WORK TO COMPLETE ▸ Set down, word for word, only the lines from the start of the records through the line bearing "#36=DIRECTION('',(-1.,0.,0.));"; include no pictures.

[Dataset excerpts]

##############################

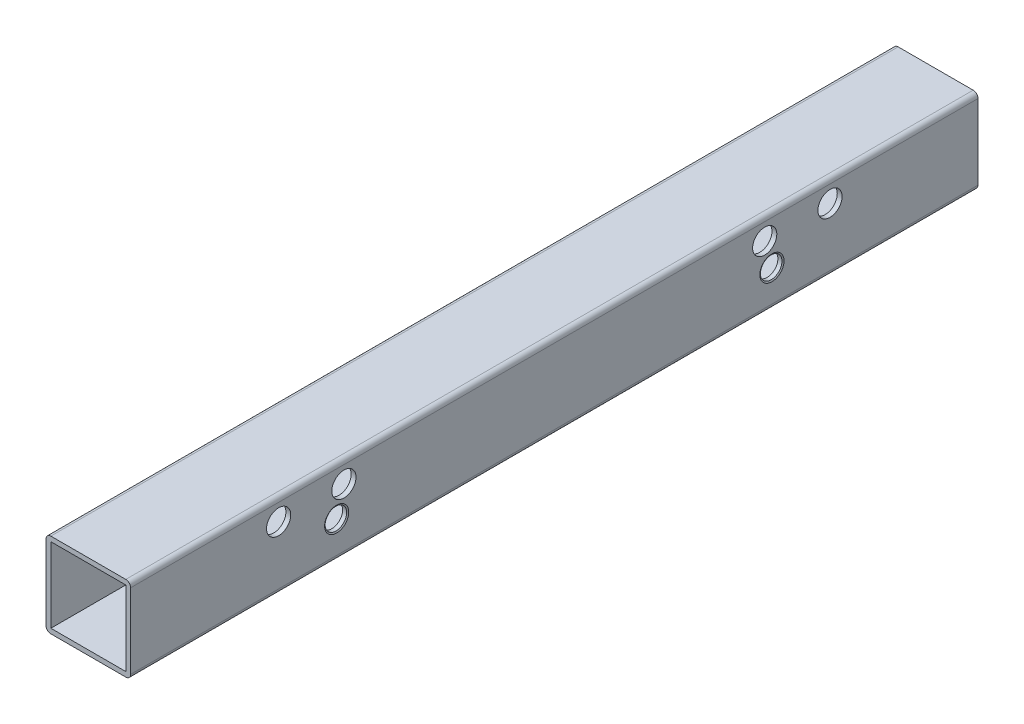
ISO-10303-21;
HEADER;
FILE_DESCRIPTION(('STEP AP214'),'2;1');
FILE_NAME('part.step','',(''),(''),'','','');
FILE_SCHEMA(('AUTOMOTIVE_DESIGN { 1 0 10303 214 1 1 1 1 }'));
ENDSEC;
DATA;
#1=APPLICATION_CONTEXT('core data for automotive mechanical design processes');
#2=APPLICATION_PROTOCOL_DEFINITION('international standard','automotive_design',2000,#1);
#3=PRODUCT_CONTEXT('',#1,'mechanical');
#4=PRODUCT('Part','Part','',(#3));
#5=PRODUCT_RELATED_PRODUCT_CATEGORY('part','',(#4));
#6=PRODUCT_DEFINITION_FORMATION('','',#4);
#7=PRODUCT_DEFINITION_CONTEXT('part definition',#1,'design');
#8=PRODUCT_DEFINITION('design','',#6,#7);
#9=PRODUCT_DEFINITION_SHAPE('','',#8);
#10=(LENGTH_UNIT() NAMED_UNIT(*) SI_UNIT(.MILLI.,.METRE.));
#11=(NAMED_UNIT(*) PLANE_ANGLE_UNIT() SI_UNIT($,.RADIAN.));
#12=(NAMED_UNIT(*) SI_UNIT($,.STERADIAN.) SOLID_ANGLE_UNIT());
#13=UNCERTAINTY_MEASURE_WITH_UNIT(LENGTH_MEASURE(1.E-05),#10,'distance_accuracy_value','');
#14=(GEOMETRIC_REPRESENTATION_CONTEXT(3) GLOBAL_UNCERTAINTY_ASSIGNED_CONTEXT((#13)) GLOBAL_UNIT_ASSIGNED_CONTEXT((#10,
#11,#12)) REPRESENTATION_CONTEXT('',''));
#15=CARTESIAN_POINT('',(0.,0.,0.));
#16=DIRECTION('',(0.,0.,1.));
#17=DIRECTION('',(1.,0.,0.));
#18=AXIS2_PLACEMENT_3D('',#15,#16,#17);
#19=CARTESIAN_POINT('',(-17.5,15.5,210.2));
#20=DIRECTION('',(1.,0.,0.));
#21=DIRECTION('',(0.,0.,-1.));
#22=AXIS2_PLACEMENT_3D('',#19,#20,#21);
#23=PLANE('',#22);
#24=CARTESIAN_POINT('',(-17.5,8.53999999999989,-114.));
#25=DIRECTION('',(-1.,0.,0.));
#26=DIRECTION('',(0.,0.,1.));
#27=AXIS2_PLACEMENT_3D('',#24,#25,#26);
#28=CIRCLE('',#27,3.00000000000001);
#29=CARTESIAN_POINT('',(-17.5,8.53999999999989,-111.));
#30=VERTEX_POINT('',#29);
#31=EDGE_CURVE('E187',#30,#30,#28,.T.);
#32=ORIENTED_EDGE('',*,*,#31,.F.);
#33=EDGE_LOOP('',(#32));
#34=FACE_BOUND('',#33,.T.);
#35=CARTESIAN_POINT('',(-17.5,8.53999999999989,-87.));
#36=DIRECTION('',(-1.,0.,0.));
#37=DIRECTION('',(0.,0.,1.));
#38=AXIS2_PLACEMENT_3D('',#35,#36,#37);
#39=CIRCLE('',#38,3.00000000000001);
#40=CARTESIAN_POINT('',(-17.5,8.53999999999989,-84.));
#41=VERTEX_POINT('',#40);
#42=EDGE_CURVE('E193',#41,#41,#39,.T.);
#43=ORIENTED_EDGE('',*,*,#42,.F.);
#44=EDGE_LOOP('',(#43));
#45=FACE_BOUND('',#44,.T.);
#46=CARTESIAN_POINT('',(-17.5,8.53999999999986,114.));
#47=DIRECTION('',(-1.,0.,0.));
#48=DIRECTION('',(0.,0.,1.));
#49=AXIS2_PLACEMENT_3D('',#46,#47,#48);
#50=CIRCLE('',#49,3.00000000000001);
#51=CARTESIAN_POINT('',(-17.5,8.53999999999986,117.));
#52=VERTEX_POINT('',#51);
#53=EDGE_CURVE('E199',#52,#52,#50,.T.);
#54=ORIENTED_EDGE('',*,*,#53,.F.);
#55=EDGE_LOOP('',(#54));
#56=FACE_BOUND('',#55,.T.);
#57=CARTESIAN_POINT('',(-17.5,8.53999999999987,87.));
#58=DIRECTION('',(-1.,0.,0.));
#59=DIRECTION('',(0.,0.,1.));
#60=AXIS2_PLACEMENT_3D('',#57,#58,#59);
#61=CIRCLE('',#60,3.00000000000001);
#62=CARTESIAN_POINT('',(-17.5,8.53999999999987,90.));
#63=VERTEX_POINT('',#62);
#64=EDGE_CURVE('E205',#63,#63,#61,.T.);
#65=ORIENTED_EDGE('',*,*,#64,.F.);
#66=EDGE_LOOP('',(#65));
#67=FACE_BOUND('',#66,.T.);
#68=DIRECTION('',(0.,0.,-1.));
#69=VECTOR('',#68,1.);
#70=CARTESIAN_POINT('',(-17.5,-15.5,210.2));
#71=LINE('',#70,#69);
#72=CARTESIAN_POINT('',(-17.5,-15.5,175.2));
#73=VERTEX_POINT('',#72);
#74=CARTESIAN_POINT('',(-17.5,-15.5,-175.2));
#75=VERTEX_POINT('',#74);
#76=EDGE_CURVE('E130',#73,#75,#71,.T.);
#77=ORIENTED_EDGE('',*,*,#76,.F.);
#78=DIRECTION('',(0.,1.,0.));
#79=VECTOR('',#78,1.);
#80=CARTESIAN_POINT('',(-17.5,17.4999999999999,175.2));
#81=LINE('',#80,#79);
#82=CARTESIAN_POINT('',(-17.5,15.5,175.2));
#83=VERTEX_POINT('',#82);
#84=EDGE_CURVE('E115',#73,#83,#81,.T.);
#85=ORIENTED_EDGE('',*,*,#84,.T.);
#86=DIRECTION('',(0.,0.,-1.));
#87=VECTOR('',#86,1.);
#88=CARTESIAN_POINT('',(-17.5,15.5,210.2));
#89=LINE('',#88,#87);
#90=CARTESIAN_POINT('',(-17.5,15.5,-175.2));
#91=VERTEX_POINT('',#90);
#92=EDGE_CURVE('E138',#83,#91,#89,.T.);
#93=ORIENTED_EDGE('',*,*,#92,.T.);
#94=DIRECTION('',(0.,-1.,0.));
#95=VECTOR('',#94,1.);
#96=CARTESIAN_POINT('',(-17.5,17.5,-175.2));
#97=LINE('',#96,#95);
#98=EDGE_CURVE('E137',#91,#75,#97,.T.);
#99=ORIENTED_EDGE('',*,*,#98,.T.);
#100=EDGE_LOOP('',(#77,#85,#93,#99));
#101=FACE_BOUND('',#100,.T.);
#102=ADVANCED_FACE('F28',(#34,#45,#56,#67,#101),#23,.F.);
#103=CARTESIAN_POINT('',(17.5,-15.5,210.2));
#104=DIRECTION('',(-1.,0.,0.));
#105=DIRECTION('',(0.,0.,1.));
#106=AXIS2_PLACEMENT_3D('',#103,#104,#105);
#107=PLANE('',#106);
#108=CARTESIAN_POINT('',(17.5,-2.50000000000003,90.));
#109=DIRECTION('',(-1.,0.,0.));
#110=DIRECTION('',(0.,0.,1.));
#111=AXIS2_PLACEMENT_3D('',#108,#109,#110);
#112=CIRCLE('',#111,4.99999999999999);
#113=CARTESIAN_POINT('',(17.5,-2.50000000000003,95.));
#114=VERTEX_POINT('',#113);
#115=EDGE_CURVE('E36',#114,#114,#112,.T.);
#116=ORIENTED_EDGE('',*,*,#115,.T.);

##############################

RESULT ▸
ISO-10303-21;
HEADER;
FILE_DESCRIPTION(('STEP AP214'),'2;1');
FILE_NAME('part.step','',(''),(''),'','','');
FILE_SCHEMA(('AUTOMOTIVE_DESIGN { 1 0 10303 214 1 1 1 1 }'));
ENDSEC;
DATA;
#1=APPLICATION_CONTEXT('core data for automotive mechanical design processes');
#2=APPLICATION_PROTOCOL_DEFINITION('international standard','automotive_design',2000,#1);
#3=PRODUCT_CONTEXT('',#1,'mechanical');
#4=PRODUCT('Part','Part','',(#3));
#5=PRODUCT_RELATED_PRODUCT_CATEGORY('part','',(#4));
#6=PRODUCT_DEFINITION_FORMATION('','',#4);
#7=PRODUCT_DEFINITION_CONTEXT('part definition',#1,'design');
#8=PRODUCT_DEFINITION('design','',#6,#7);
#9=PRODUCT_DEFINITION_SHAPE('','',#8);
#10=(LENGTH_UNIT() NAMED_UNIT(*) SI_UNIT(.MILLI.,.METRE.));
#11=(NAMED_UNIT(*) PLANE_ANGLE_UNIT() SI_UNIT($,.RADIAN.));
#12=(NAMED_UNIT(*) SI_UNIT($,.STERADIAN.) SOLID_ANGLE_UNIT());
#13=UNCERTAINTY_MEASURE_WITH_UNIT(LENGTH_MEASURE(1.E-05),#10,'distance_accuracy_value','');
#14=(GEOMETRIC_REPRESENTATION_CONTEXT(3) GLOBAL_UNCERTAINTY_ASSIGNED_CONTEXT((#13)) GLOBAL_UNIT_ASSIGNED_CONTEXT((#10,
#11,#12)) REPRESENTATION_CONTEXT('',''));
#15=CARTESIAN_POINT('',(0.,0.,0.));
#16=DIRECTION('',(0.,0.,1.));
#17=DIRECTION('',(1.,0.,0.));
#18=AXIS2_PLACEMENT_3D('',#15,#16,#17);
#19=CARTESIAN_POINT('',(-17.5,15.5,210.2));
#20=DIRECTION('',(1.,0.,0.));
#21=DIRECTION('',(0.,0.,-1.));
#22=AXIS2_PLACEMENT_3D('',#19,#20,#21);
#23=PLANE('',#22);
#24=CARTESIAN_POINT('',(-17.5,8.53999999999989,-114.));
#25=DIRECTION('',(-1.,0.,0.));
#26=DIRECTION('',(0.,0.,1.));
#27=AXIS2_PLACEMENT_3D('',#24,#25,#26);
#28=CIRCLE('',#27,3.00000000000001);
#29=CARTESIAN_POINT('',(-17.5,8.53999999999989,-111.));
#30=VERTEX_POINT('',#29);
#31=EDGE_CURVE('E187',#30,#30,#28,.T.);
#32=ORIENTED_EDGE('',*,*,#31,.F.);
#33=EDGE_LOOP('',(#32));
#34=FACE_BOUND('',#33,.T.);
#35=CARTESIAN_POINT('',(-17.5,8.53999999999989,-87.));
#36=DIRECTION('',(-1.,0.,0.));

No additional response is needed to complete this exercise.